* _HOW TO COMPLETE THIS TASK_: Return only the lines starting at the line that contains "- 2.54 pins 2" and ending with the final line of the listing; include both endpoints.
(Beginning of TASK DATA)
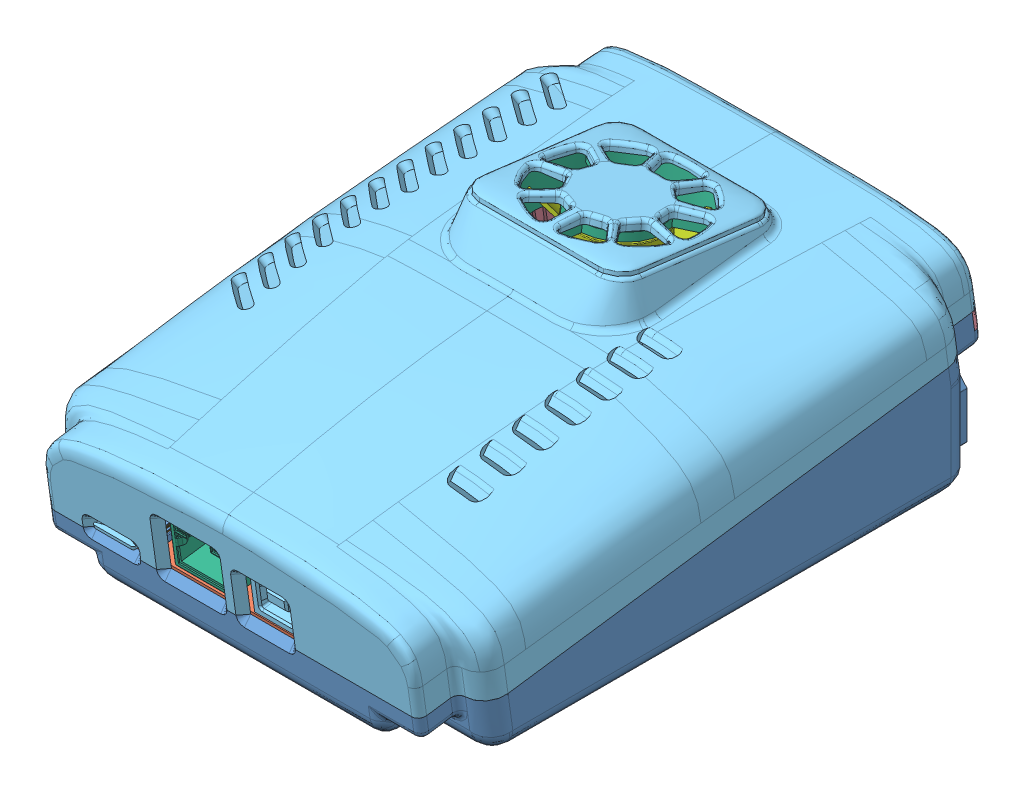
SolidWorks assembly MKS Sbase case new, configuration Default. Lengths in mm.
Overall size (115.99 69.47 159.81).
163 component instances, 61 part files, 40 mates.
Components (placement in the parent):
- MKS SBase case bottom V1.3-1: MKS SBase case bottom V1.3 [Default] at origin size (115.99 31.84 151.44)
- MKS SBase V1.3-1: MKS SBase V1.3 [Default] at (0 1.2873 0.1809) x (0 0.139173 -0.990268) z (1 0 0) size (148.75 28.07 98.65)
  - MKS SBase PCB-1: MKS SBase PCB [Default] at origin size (146.5 1.6 95)
  - 10 pin male socket -2: 10 pin male socket  [Default] at (92.5901 0 -6.7406) x (0 0 -1) z (1 0 0) size (20.25 12.5 9)
  - 10 pin male socket -3: 10 pin male socket  [Default] at (92.5901 0 -28.4906) x (0 0 -1) z (1 0 0) size (20.25 12.5 9)
  - 6 pin terminal block-1: 6 pin terminal block [Default] at (-13.25 0 37.7021) size (30.6 13.8 8.3)
  - USB socket-1: USB socket [Default] at (-15.2875 4.6912 16.0684) size (16.5 14.22 14.86)
  - JST XH 4 Purple-1: JST XH 4 Purple [Default] at (56.25 0 -43.725) x (-1 0 0) z (0 0 -1) size (12.4 10.45 5.75)
  - JST XH 4 Black-1: JST XH 4 Black [Default] at (36.35 0 -43.725) x (-1 0 0) z (0 0 -1) size (12.4 10.45 5.75)
  - JST XH 4 Blue-1: JST XH 4 Blue [Default] at (-3.45 0 -43.725) x (-1 0 0) z (0 0 -1) size (12.4 10.45 5.75)
  - JST XH 4 Green-1: JST XH 4 Green [Default] at (16.45 0 -43.725) x (-1 0 0) z (0 0 -1) size (12.4 10.45 5.75)
  - JST XH 4 Red-1: JST XH 4 Red [Default] at (-23.35 0 -43.725) x (-1 0 0) z (0 0 -1) size (12.4 10.45 5.75)
  - JST XH 2 Black-1: JST XH 2 Black [Default] at (13.85 0 44.225) size (7.4 10.45 5.75)
  - JST XH 2 Purple-1: JST XH 2 Purple [Default] at (21.75 0 44.225) size (7.4 10.45 5.75)
  - JST XH 2 White-1: JST XH 2 White [Default] at (5.95 0 44.225) size (7.4 10.45 5.75)
  - JST XH 3 Blue-1: JST XH 3 Blue [Default] at (55.4 0 14.725) x (-1 0 0) z (0 0 -1) size (9.9 10.45 5.75)
  - JST XH 3 Green-1: JST XH 3 Green [Default] at (55.4 0 31.025) x (-1 0 0) z (0 0 -1) size (9.9 10.45 5.75)
  - JST XH 3 Red-1: JST XH 3 Red [Default] at (55.4 0 -1.575) x (-1 0 0) z (0 0 -1) size (9.9 10.45 5.75)
  - JST XH 2 White-2: JST XH 2 White [Default] at (29.65 0 44.225) size (7.4 10.45 5.75)
  - 8 pin male socket -1: 8 pin male socket  [Default] at (71.2406 0 66.9901) size (17.85 12.5 9)
  - JST XH 3 Blue-2: JST XH 3 Blue [Default] at (55.4 0 6.675) x (-1 0 0) z (0 0 -1) size (9.9 10.45 5.75)
  - JST XH 3 Green-2: JST XH 3 Green [Default] at (55.4 0 22.975) x (-1 0 0) z (0 0 -1) size (9.9 10.45 5.75)
  - JST XH 3 Red-2: JST XH 3 Red [Default] at (55.4 0 -9.625) x (-1 0 0) z (0 0 -1) size (9.9 10.45 5.75)
  - microSD_Connector-1: microSD_Connector [Default] at (-65.65 0 -31.475) x (0 0 -1) z (1 0 0) size (14.1 2.14 15.45)
    - microSD_Body-1: microSD_Body [Default] at origin size (14.1 1.85 15.2)
    - microSD_Cover-1: microSD_Cover [Default] at (0 1.7 0) x (1 0 0) z (0 0 -1) size (13.95 1.9 15.2)
    - microSD_Card_Detect-1: microSD_Card_Detect [Default] at (4.99 -0.05 7.4) size (4.45 1.9 2.05)
    - microSD_Spring-2: microSD_Spring [Default] at (-3.85 1.125 6.9) x (-0.521999 -0.852946 0) z (0.852946 -0.521999 0) size (1.41 10.35 1.43)
    - microSD_Pin-1: microSD_Pin [11.15] at (5.725 -0.05 -2) x (0 0 1) z (-1 0 0) size (7.35 1.15 0.6)
    - microSD_Pin-2: microSD_Pin [11.15] at (4.625 -0.05 -2) x (0 0 1) z (-1 0 0) size (7.35 1.15 0.6)
    - microSD_Pin-3: microSD_Pin [11.35] at (3.525 -0.05 -2) x (0 0 1) z (-1 0 0) size (7.35 1.15 0.6)
    - microSD_Pin-4: microSD_Pin [11.15] at (2.425 -0.05 -2) x (0 0 1) z (-1 0 0) size (7.35 1.15 0.6)
    - microSD_Pin-5: microSD_Pin [11.35] at (1.325 -0.05 -2) x (0 0 1) z (-1 0 0) size (7.35 1.15 0.6)
    - microSD_Pin-6: microSD_Pin [11.15] at (0.225 -0.05 -2) x (0 0 1) z (-1 0 0) size (7.35 1.15 0.6)
    - microSD_Pin-7: microSD_Pin [10.75] at (-0.875 -0.05 -2) x (0 0 1) z (-1 0 0) size (7.25 1.15 0.6)
    - microSD_Pin-8: microSD_Pin [11.15] at (-1.975 -0.05 -2) x (0 0 1) z (-1 0 0) size (7.35 1.15 0.6)
  - Micro SD Card-1: Micro SD Card [Default] at (-68 1.05 -33.35) x (0 0 1) z (-1 0 0) size (11 0.83 15)
  - RJ45_10P_TJ3009-1: RJ45_10P_TJ3009 [Default] at (-61.925 0.35 -11.1) x (0 0 1) z (-1 0 0) size (16 15.87 21.5)
  - Condensator-1: Condensator [Default] at (-65.75 0.15 24) x (-1 0 0) z (0 0 -1) size (13.15 23 13.15)
  - Condensator-2: Condensator [Default] at (-50.75 0.15 24) x (-1 0 0) z (0 0 -1) size (13.15 23 13.15)
  - 2.54 pins 4 x 1-1: 2.54 pins 4 x 1 [Default] at (-14.68 0 -18.75) x (1 0 0) z (0 0 -1) size (10.06 11 2.5)
  - 2.54 pins 4 x 1-5: 2.54 pins 4 x 1 [Default] at (25.12 0 -18.75) x (1 0 0) z (0 0 -1) size (10.06 11 2.5)
  - 2.54 pins 4 x 1-6: 2.54 pins 4 x 1 [Default] at (45.02 0 -18.75) x (1 0 0) z (0 0 -1) size (10.06 11 2.5)
  - 2.54 pins 4 x 1-7: 2.54 pins 4 x 1 [Default] at (64.92 0 -18.75) x (1 0 0) z (0 0 -1) size (10.06 11 2.5)
  - 2.54 pins 4 x 1-8: 2.54 pins 4 x 1 [Default] at (5.22 0 -18.75) x (1 0 0) z (0 0 -1) size (10.06 11 2.5)
  - 2.54 pins 6 x 1-1: 2.54 pins 6 x 1 [Default] at (71 0 -37.8175) x (0 0 1) z (-1 0 0) size (15.09 11 2.5)
  - 2.54 pins 6 x 1-3: 2.54 pins 6 x 1 [Default] at (-51.2675 0 -45.4) size (15.09 11 2.5)
  - 2.54 pins 3 x 1-3: 2.54 pins 3 x 1 [Default] at (55.6125 0 36.35) size (7.47 11 2.5)
  - 2.54 pins 3 x 1-4: 2.54 pins 3 x 1 [Default] at (64.6 0 -30.2125) x (0 0 -1) z (1 0 0) size (7.47 11 2.5)
  - 2.54 pins 2 x 1-1: 2.54 pins 2 x 1 [Default] at (4.5 0 19.2475) x (0 0 -1) z (1 0 0) size (4.93 11 2.5)
  - 2.54 pins 3 x 2-3: 2.54 pins 3 x 2 [Default] at (-42.5 0.64 7.0875) x (0 0 -1) z (1 0 0) size (7.47 8.64 7.5)
  - Stepper driver heatsink-1: Stepper driver heatsink [Default] at (15.75 9.25 -28.85) x (0 0 -1) z (1 0 0) size (6 13.5 90)
  - Stepper driver-1: Stepper driver [Default] at (55.75 1.35 -28.85) x (0 0 -1) z (1 0 0) size (8 2.5 10.5)
  - Stepper driver-2: Stepper driver [Default] at (35.75 1.35 -28.85) x (0 0 -1) z (1 0 0) size (8 2.5 10.5)
  - Stepper driver-3: Stepper driver [Default] at (15.75 1.35 -28.85) x (0 0 -1) z (1 0 0) size (8 2.5 10.5)
  - Stepper driver-4: Stepper driver [Default] at (-4.25 1.35 -28.85) x (0 0 -1) z (1 0 0) size (8 2.5 10.5)
  - Stepper driver-5: Stepper driver [Default] at (-24.25 1.35 -28.85) x (0 0 -1) z (1 0 0) size (8 2.5 10.5)
  - Power terminal block-1: Power terminal block [Default] at (-51.75 0 42.25) x (-1 0 0) z (0 0 -1) size (10.55 20.8 10.5)
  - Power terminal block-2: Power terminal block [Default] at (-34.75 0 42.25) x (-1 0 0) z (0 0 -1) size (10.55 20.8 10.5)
(End of TASK DATA)
* _EXERCISE ANSWER_:
  - 2.54 pins 2 x 1-1: 2.54 pins 2 x 1 [Default] at (4.5 0 19.2475) x (0 0 -1) z (1 0 0) size (4.93 11 2.5)
  - 2.54 pins 3 x 2-3: 2.54 pins 3 x 2 [Default] at (-42.5 0.64 7.0875) x (0 0 -1) z (1 0 0) size (7.47 8.64 7.5)
  - Stepper driver heatsink-1: Stepper driver heatsink [Default] at (15.75 9.25 -28.85) x (0 0 -1) z (1 0 0) size (6 13.5 90)
  - Stepper driver-1: Stepper driver [Default] at (55.75 1.35 -28.85) x (0 0 -1) z (1 0 0) size (8 2.5 10.5)
  - Stepper driver-2: Stepper driver [Default] at (35.75 1.35 -28.85) x (0 0 -1) z (1 0 0) size (8 2.5 10.5)
  - Stepper driver-3: Stepper driver [Default] at (15.75 1.35 -28.85) x (0 0 -1) z (1 0 0) size (8 2.5 10.5)
  - Stepper driver-4: Stepper driver [Default] at (-4.25 1.35 -28.85) x (0 0 -1) z (1 0 0) size (8 2.5 10.5)
  - Stepper driver-5: Stepper driver [Default] at (-24.25 1.35 -28.85) x (0 0 -1) z (1 0 0) size (8 2.5 10.5)
  - Power terminal block-1: Power terminal block [Default] at (-51.75 0 42.25) x (-1 0 0) z (0 0 -1) size (10.55 20.8 10.5)
  - Power terminal block-2: Power terminal block [Default] at (-34.75 0 42.25) x (-1 0 0) z (0 0 -1) size (10.55 20.8 10.5)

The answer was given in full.